String results = buffer.toString(); 
First we print a few lines to the output stream, to give it some data, then retrieve the results as a string with the toString() method. Alternately, we could get the results as a StringBuffer with the getBuffer() method.
The StringWriter class is useful if you want to capture the output of something that normally sends output to a stream, such as a file or the console. A PrintWriter wrapped around a StringWriter competes with StringBuffer as the easiest way to construct large strings piece by piece. While using a StringBuffer is more efficient, PrintWriter provides more functionality than the normal append() method used by StringBuffer.
Before we leave streams, let's try our hand at making one of our own. I mentioned earlier that specialized stream wrappers are built on top of the FilterInputStream and FilterOutputStream classes. It's quite easy to create our own subclass of FilterInputStream that can be wrapped around other streams to add new functionality.

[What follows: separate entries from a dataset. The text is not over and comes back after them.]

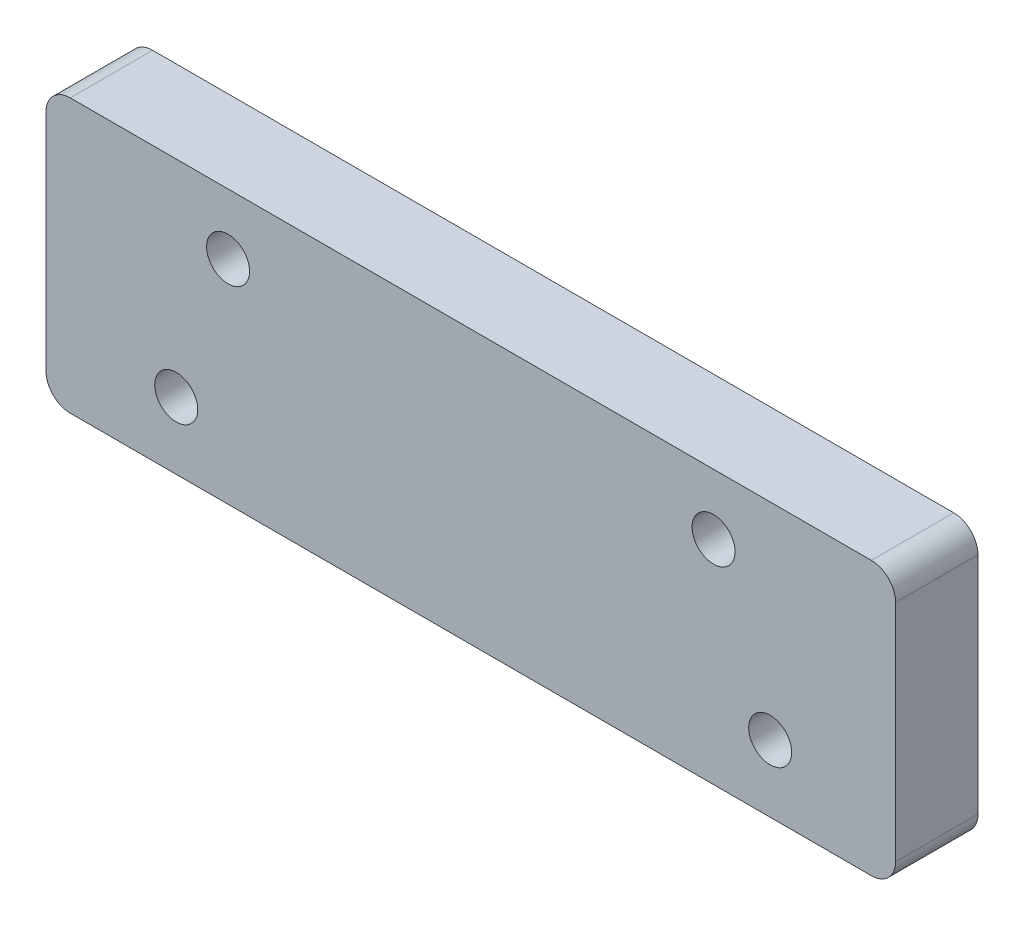
ISO-10303-21;
HEADER;
FILE_DESCRIPTION(('STEP AP214'),'2;1');
FILE_NAME('part.step','',(''),(''),'','','');
FILE_SCHEMA(('AUTOMOTIVE_DESIGN { 1 0 10303 214 1 1 1 1 }'));
ENDSEC;
DATA;
#1=APPLICATION_CONTEXT('core data for automotive mechanical design processes');
#2=APPLICATION_PROTOCOL_DEFINITION('international standard','automotive_design',2000,#1);
#3=PRODUCT_CONTEXT('',#1,'mechanical');
#4=PRODUCT('Part','Part','',(#3));
#5=PRODUCT_RELATED_PRODUCT_CATEGORY('part','',(#4));
#6=PRODUCT_DEFINITION_FORMATION('','',#4);
#7=PRODUCT_DEFINITION_CONTEXT('part definition',#1,'design');
#8=PRODUCT_DEFINITION('design','',#6,#7);
#9=PRODUCT_DEFINITION_SHAPE('','',#8);
#10=(LENGTH_UNIT() NAMED_UNIT(*) SI_UNIT(.MILLI.,.METRE.));
#11=(NAMED_UNIT(*) PLANE_ANGLE_UNIT() SI_UNIT($,.RADIAN.));
#12=(NAMED_UNIT(*) SI_UNIT($,.STERADIAN.) SOLID_ANGLE_UNIT());
#13=UNCERTAINTY_MEASURE_WITH_UNIT(LENGTH_MEASURE(1.E-05),#10,'distance_accuracy_value','');
#14=(GEOMETRIC_REPRESENTATION_CONTEXT(3) GLOBAL_UNCERTAINTY_ASSIGNED_CONTEXT((#13)) GLOBAL_UNIT_ASSIGNED_CONTEXT((#10,
#11,#12)) REPRESENTATION_CONTEXT('',''));
#15=CARTESIAN_POINT('',(0.,0.,0.));
#16=DIRECTION('',(0.,0.,1.));
#17=DIRECTION('',(1.,0.,0.));
#18=AXIS2_PLACEMENT_3D('',#15,#16,#17);
#19=CARTESIAN_POINT('',(0.,0.,-8.62));
#20=DIRECTION('',(0.,0.,-1.));
#21=DIRECTION('',(-1.,0.,0.));
#22=AXIS2_PLACEMENT_3D('',#19,#20,#21);
#23=PLANE('',#22);
#24=CARTESIAN_POINT('',(93.225,6.99999999999999,-8.62));
#25=DIRECTION('',(0.,0.,-1.));
#26=DIRECTION('',(-1.,0.,0.));
#27=AXIS2_PLACEMENT_3D('',#24,#25,#26);
#28=CIRCLE('',#27,4.00000000000001);
#29=CARTESIAN_POINT('',(89.225,6.99999999999999,-8.62));
#30=VERTEX_POINT('',#29);
#31=EDGE_CURVE('E187',#30,#30,#28,.T.);
#32=ORIENTED_EDGE('',*,*,#31,.F.);
#33=EDGE_LOOP('',(#32));
#34=FACE_BOUND('',#33,.T.);
#35=DIRECTION('',(1.00000000000003,0.,0.));
#36=VECTOR('',#35,1.);
#37=CARTESIAN_POINT('',(0.,28.5749999999998,-8.62000000000039));
#38=LINE('',#37,#36);
#39=CARTESIAN_POINT('',(19.990000000001,28.5749999999997,-8.62000000000041));
#40=VERTEX_POINT('',#39);
#41=CARTESIAN_POINT('',(103.810000000005,28.5749999999994,-8.62000000000053));
#42=VERTEX_POINT('',#41);
#43=EDGE_CURVE('E230',#40,#42,#38,.T.);
#44=ORIENTED_EDGE('',*,*,#43,.T.);
#45=CARTESIAN_POINT('',(103.81,26.0349999999994,-8.62));
#46=DIRECTION('',(0.,0.,-1.));
#47=DIRECTION('',(-1.,0.,0.));
#48=AXIS2_PLACEMENT_3D('',#45,#46,#47);
#49=CIRCLE('',#48,2.54);
#50=CARTESIAN_POINT('',(106.35,26.0349999999994,-8.62));
#51=VERTEX_POINT('',#50);
#52=EDGE_CURVE('E164',#42,#51,#49,.T.);
#53=ORIENTED_EDGE('',*,*,#52,.T.);
#54=DIRECTION('',(0.,-1.,0.));
#55=VECTOR('',#54,1.);
#56=CARTESIAN_POINT('',(106.35,15.875,-8.62));
#57=LINE('',#56,#55);
#58=CARTESIAN_POINT('',(106.35,2.54,-8.62));
#59=VERTEX_POINT('',#58);
#60=EDGE_CURVE('E184',#51,#59,#57,.T.);
#61=ORIENTED_EDGE('',*,*,#60,.T.);
#62=CARTESIAN_POINT('',(103.81,2.54,-8.62));
#63=DIRECTION('',(0.,0.,-1.));
#64=DIRECTION('',(-1.,0.,0.));
#65=AXIS2_PLACEMENT_3D('',#62,#63,#64);
#66=CIRCLE('',#65,2.54);
#67=CARTESIAN_POINT('',(103.81,0.,-8.62));
#68=VERTEX_POINT('',#67);
#69=EDGE_CURVE('E136',#59,#68,#66,.T.);
#70=ORIENTED_EDGE('',*,*,#69,.T.);
#71=DIRECTION('',(-1.,0.,0.));
#72=VECTOR('',#71,1.);
#73=CARTESIAN_POINT('',(106.35,0.,-8.62));
#74=LINE('',#73,#72);
#75=CARTESIAN_POINT('',(19.99,0.,-8.62));
#76=VERTEX_POINT('',#75);
#77=EDGE_CURVE('E177',#68,#76,#74,.T.);
#78=ORIENTED_EDGE('',*,*,#77,.T.);
#79=CARTESIAN_POINT('',(19.99,2.53999999999999,-8.62));
#80=DIRECTION('',(0.,0.,-1.));
#81=DIRECTION('',(-1.,0.,0.));
#82=AXIS2_PLACEMENT_3D('',#79,#80,#81);
#83=CIRCLE('',#82,2.54);
#84=CARTESIAN_POINT('',(17.45,2.53999999999999,-8.62));
#85=VERTEX_POINT('',#84);
#86=EDGE_CURVE('E65',#76,#85,#83,.T.);
#87=ORIENTED_EDGE('',*,*,#86,.T.);
#88=DIRECTION('',(0.,1.,0.));
#89=VECTOR('',#88,1.);
#90=CARTESIAN_POINT('',(17.45,0.,-8.62));
#91=LINE('',#90,#89);
#92=CARTESIAN_POINT('',(17.45,26.0349999999997,-8.62));
#93=VERTEX_POINT('',#92);
#94=EDGE_CURVE('E179',#85,#93,#91,.T.);
#95=ORIENTED_EDGE('',*,*,#94,.T.);
#96=CARTESIAN_POINT('',(19.99,26.0349999999997,-8.62));
#97=DIRECTION('',(0.,0.,-1.));
#98=DIRECTION('',(-1.,0.,0.));
#99=AXIS2_PLACEMENT_3D('',#96,#97,#98);
#100=CIRCLE('',#99,2.54);
#101=EDGE_CURVE('E157',#93,#40,#100,.T.);
#102=ORIENTED_EDGE('',*,*,#101,.T.);
#103=EDGE_LOOP('',(#44,#53,#61,#70,#78,#87,#95,#102));
#104=FACE_BOUND('',#103,.T.);
#105=CARTESIAN_POINT('',(31.0749999999999,7.00000000000008,-8.62));
#106=DIRECTION('',(0.,0.,-1.));
#107=DIRECTION('',(-1.,0.,0.));
#108=AXIS2_PLACEMENT_3D('',#105,#106,#107);
#109=CIRCLE('',#108,4.);
#110=CARTESIAN_POINT('',(27.0749999999999,7.00000000000008,-8.62));
#111=VERTEX_POINT('',#110);
#112=EDGE_CURVE('E180',#111,#111,#109,.T.);
#113=ORIENTED_EDGE('',*,*,#112,.F.);
#114=EDGE_LOOP('',(#113));
#115=FACE_BOUND('',#114,.T.);
#116=CARTESIAN_POINT('',(87.3,22.225,-8.62));
#117=DIRECTION('',(0.,0.,1.));
#118=DIRECTION('',(1.,0.,0.));
#119=AXIS2_PLACEMENT_3D('',#116,#117,#118);
#120=CIRCLE('',#119,2.25);
#121=CARTESIAN_POINT('',(89.55,22.225,-8.62));
#122=VERTEX_POINT('',#121);
#123=EDGE_CURVE('E242',#122,#122,#120,.T.);
#124=ORIENTED_EDGE('',*,*,#123,.T.);
#125=EDGE_LOOP('',(#124));
#126=FACE_BOUND('',#125,.T.);
#127=CARTESIAN_POINT('',(36.5,22.225,-8.62));
#128=DIRECTION('',(0.,0.,1.));
#129=DIRECTION('',(1.,0.,0.));
#130=AXIS2_PLACEMENT_3D('',#127,#128,#129);
#131=CIRCLE('',#130,2.25);
#132=CARTESIAN_POINT('',(38.75,22.225,-8.62));
#133=VERTEX_POINT('',#132);
#134=EDGE_CURVE('E252',#133,#133,#131,.T.);
#135=ORIENTED_EDGE('',*,*,#134,.T.);
#136=EDGE_LOOP('',(#135));
#137=FACE_BOUND('',#136,.T.);
#138=ADVANCED_FACE('F43',(#34,#104,#115,#126,#137),#23,.T.);
#139=CARTESIAN_POINT('',(17.45,15.875,-7.62));
#140=DIRECTION('',(-1.,0.,0.));
#141=DIRECTION('',(0.,-1.,0.));
#142=AXIS2_PLACEMENT_3D('',#139,#140,#141);
#143=PLANE('',#142);
#144=ORIENTED_EDGE('',*,*,#94,.F.);
#145=DIRECTION('',(0.,0.,1.));
#146=VECTOR('',#145,1.);
#147=CARTESIAN_POINT('',(17.45,2.53999999999999,-7.62));
#148=LINE('',#147,#146);
#149=CARTESIAN_POINT('',(17.45,2.53999999999999,0.));
#150=VERTEX_POINT('',#149);
#151=EDGE_CURVE('E11',#85,#150,#148,.T.);
#152=ORIENTED_EDGE('',*,*,#151,.T.);
#153=DIRECTION('',(0.,-1.,0.));
#154=VECTOR('',#153,1.);
#155=CARTESIAN_POINT('',(17.45,15.875,0.));
#156=LINE('',#155,#154);
#157=CARTESIAN_POINT('',(17.45,26.0349999999997,0.));
#158=VERTEX_POINT('',#157);
#159=EDGE_CURVE('E217',#158,#150,#156,.T.);
#160=ORIENTED_EDGE('',*,*,#159,.F.);
#161=DIRECTION('',(0.,0.,1.));
#162=VECTOR('',#161,1.);
#163=CARTESIAN_POINT('',(17.45,26.0349999999997,-8.62));
#164=LINE('',#163,#162);
#165=EDGE_CURVE('E52',#158,#93,#164,.F.);
#166=ORIENTED_EDGE('',*,*,#165,.T.);
#167=EDGE_LOOP('',(#144,#152,#160,#166));
#168=FACE_BOUND('',#167,.T.);
#169=ADVANCED_FACE('F222',(#168),#143,.T.);
#170=CARTESIAN_POINT('',(106.35,15.875,-7.62));
#171=DIRECTION('',(1.,0.,0.));
#172=DIRECTION('',(0.,0.,-1.));
#173=AXIS2_PLACEMENT_3D('',#170,#171,#172);
#174=PLANE('',#173);
#175=ORIENTED_EDGE('',*,*,#60,.F.);
#176=DIRECTION('',(0.,0.,1.));
#177=VECTOR('',#176,1.);
#178=CARTESIAN_POINT('',(106.35,26.0349999999994,0.));
#179=LINE('',#178,#177);
#180=CARTESIAN_POINT('',(106.35,26.0349999999994,0.));
#181=VERTEX_POINT('',#180);
#182=EDGE_CURVE('E131',#51,#181,#179,.T.);
#183=ORIENTED_EDGE('',*,*,#182,.T.);
#184=DIRECTION('',(0.,1.,0.));
#185=VECTOR('',#184,1.);
#186=CARTESIAN_POINT('',(106.35,15.875,0.));
#187=LINE('',#186,#185);
#188=CARTESIAN_POINT('',(106.35,2.54,0.));
#189=VERTEX_POINT('',#188);
#190=EDGE_CURVE('E113',#189,#181,#187,.T.);
#191=ORIENTED_EDGE('',*,*,#190,.F.);
#192=DIRECTION('',(0.,0.,1.));
#193=VECTOR('',#192,1.);
#194=CARTESIAN_POINT('',(106.35,2.54,-7.62));
#195=LINE('',#194,#193);
#196=EDGE_CURVE('E128',#189,#59,#195,.F.);
#197=ORIENTED_EDGE('',*,*,#196,.T.);
#198=EDGE_LOOP('',(#175,#183,#191,#197));
#199=FACE_BOUND('',#198,.T.);
#200=ADVANCED_FACE('F127',(#199),#174,.T.);
#201=CARTESIAN_POINT('',(106.35,0.,-7.62));
#202=DIRECTION('',(0.,-1.,0.));
#203=DIRECTION('',(1.,0.,0.));
#204=AXIS2_PLACEMENT_3D('',#201,#202,#203);
#205=PLANE('',#204);
#206=ORIENTED_EDGE('',*,*,#77,.F.);
#207=DIRECTION('',(0.,0.,1.));
#208=VECTOR('',#207,1.);
#209=CARTESIAN_POINT('',(103.81,0.,-7.62));
#210=LINE('',#209,#208);
#211=CARTESIAN_POINT('',(103.81,0.,0.));
#212=VERTEX_POINT('',#211);
#213=EDGE_CURVE('E170',#68,#212,#210,.T.);
#214=ORIENTED_EDGE('',*,*,#213,.T.);
#215=DIRECTION('',(1.,0.,0.));
#216=VECTOR('',#215,1.);
#217=CARTESIAN_POINT('',(106.35,0.,0.));
#218=LINE('',#217,#216);
#219=CARTESIAN_POINT('',(19.99,0.,0.));
#220=VERTEX_POINT('',#219);
#221=EDGE_CURVE('E115',#220,#212,#218,.T.);
#222=ORIENTED_EDGE('',*,*,#221,.F.);
#223=DIRECTION('',(0.,0.,1.));
#224=VECTOR('',#223,1.);
#225=CARTESIAN_POINT('',(19.99,0.,-7.62));
#226=LINE('',#225,#224);
#227=EDGE_CURVE('E167',#220,#76,#226,.F.);
#228=ORIENTED_EDGE('',*,*,#227,.T.);
#229=EDGE_LOOP('',(#206,#214,#222,#228));
#230=FACE_BOUND('',#229,.T.);
#231=ADVANCED_FACE('F175',(#230),#205,.T.);
#232=CARTESIAN_POINT('',(0.,0.,0.));
#233=DIRECTION('',(0.,0.,-1.));
#234=DIRECTION('',(-1.,0.,0.));
#235=AXIS2_PLACEMENT_3D('',#232,#233,#234);
#236=PLANE('',#235);
#237=CARTESIAN_POINT('',(36.5,22.225,0.));
#238=DIRECTION('',(0.,0.,1.));
#239=DIRECTION('',(1.,0.,0.));
#240=AXIS2_PLACEMENT_3D('',#237,#238,#239);
#241=CIRCLE('',#240,2.24999999999999);
#242=CARTESIAN_POINT('',(38.75,22.225,0.));
#243=VERTEX_POINT('',#242);
#244=EDGE_CURVE('E256',#243,#243,#241,.T.);
#245=ORIENTED_EDGE('',*,*,#244,.F.);
#246=EDGE_LOOP('',(#245));
#247=FACE_BOUND('',#246,.T.);
#248=CARTESIAN_POINT('',(87.3,22.225,0.));
#249=DIRECTION('',(0.,0.,1.));
#250=DIRECTION('',(1.,0.,0.));
#251=AXIS2_PLACEMENT_3D('',#248,#249,#250);
#252=CIRCLE('',#251,2.24999999999999);
#253=CARTESIAN_POINT('',(89.55,22.225,0.));
#254=VERTEX_POINT('',#253);
#255=EDGE_CURVE('E248',#254,#254,#252,.T.);
#256=ORIENTED_EDGE('',*,*,#255,.F.);
#257=EDGE_LOOP('',(#256));
#258=FACE_BOUND('',#257,.T.);
#259=CARTESIAN_POINT('',(93.225,6.99999999999999,0.));
#260=DIRECTION('',(0.,0.,-1.));
#261=DIRECTION('',(-1.,0.,0.));
#262=AXIS2_PLACEMENT_3D('',#259,#260,#261);
#263=CIRCLE('',#262,2.25);
#264=CARTESIAN_POINT('',(90.975,6.99999999999999,0.));
#265=VERTEX_POINT('',#264);
#266=EDGE_CURVE('E201',#265,#265,#263,.T.);
#267=ORIENTED_EDGE('',*,*,#266,.T.);
#268=EDGE_LOOP('',(#267));
#269=FACE_BOUND('',#268,.T.);
#270=CARTESIAN_POINT('',(31.0749999999999,7.00000000000008,0.));
#271=DIRECTION('',(0.,0.,-1.));
#272=DIRECTION('',(-1.,0.,0.));
#273=AXIS2_PLACEMENT_3D('',#270,#271,#272);
#274=CIRCLE('',#273,2.25);
#275=CARTESIAN_POINT('',(28.8249999999999,7.00000000000008,0.));
#276=VERTEX_POINT('',#275);
#277=EDGE_CURVE('E213',#276,#276,#274,.T.);
#278=ORIENTED_EDGE('',*,*,#277,.T.);
#279=EDGE_LOOP('',(#278));
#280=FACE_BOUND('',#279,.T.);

The following example, rot13InputStream, performs a rot13 operation on the bytes that it reads. rot13 is a trivial algorithm that shifts alphanumeric letters to make them not quite human-readable; it's cute because it's symmetric. That is, to "un-rot13" some text, simply rot13 it again. We'll use the rot13InputStream class again in the crypt protocol handler example in Chapter 9, Network Programming, so we've put the class in the example.io package to facilitate reuse. Here's our rot13InputStream class:
package example.io; 
import java.io.*; 
 
public class rot13InputStream extends FilterInputStream { 
 
    public rot13InputStream ( InputStream i ) { 
        super( i ); 
    } 
 
    public int read() throws IOException { 
        return rot13( in.read() ); 
    } 
 
    private int rot13 ( int c ) { 
        if ( (c >= 'A') && (c <= 'Z') )            c=(((c-'A')+13)%26)+'A';        if ( (c >= 'a') && (c <= 'z') ) 
            c=(((c-'a')+13)%26)+'a'; 
        return c; 
    } } 
The FilterInputStream needs to be initialized with an InputStream; this is the stream to be filtered. We provide an appropriate constructor for the rot13InputStream class and invoke the parent constructor with a call to super(). FilterInputStream contains a protected instance variable, in, where it stores the stream reference and makes it available to the rest of our class.
The primary feature of a FilterInputStream is that it overrides the normal InputStream methods to delegate calls to the InputStream in the variable in. So, for instance, a call to read() simply turns around and calls read() on in to fetch a byte. An instance of FilterInputStream itself could be instantiated from an InputStream; it would pass its method calls on to that stream and serve as a pass-through filter. To make things interesting, we can override methods of the FilterInputStream class and do extra work on the data as it passes through.
In our example, we have overridden the read() method to fetch bytes from the underlying InputStream, in, and then perform the rot13 shift on the data before returning it. Note that the rot13() method shifts alphabetic characters, while simply passing all other values, including the end of stream value (-1). Our subclass now acts like a rot13 filter. All other normal functionality of an InputStream, like skip() and available() is unmodified, so calls to these methods are answered by the underlying InputStream.
Strictly speaking, rot13InputStream only works on an ASCII byte stream, since the underlying algorithm is based on the Roman alphabet. A more generalized character scrambling algorithm would have to be based on FilterReader to handle Unicode correctly.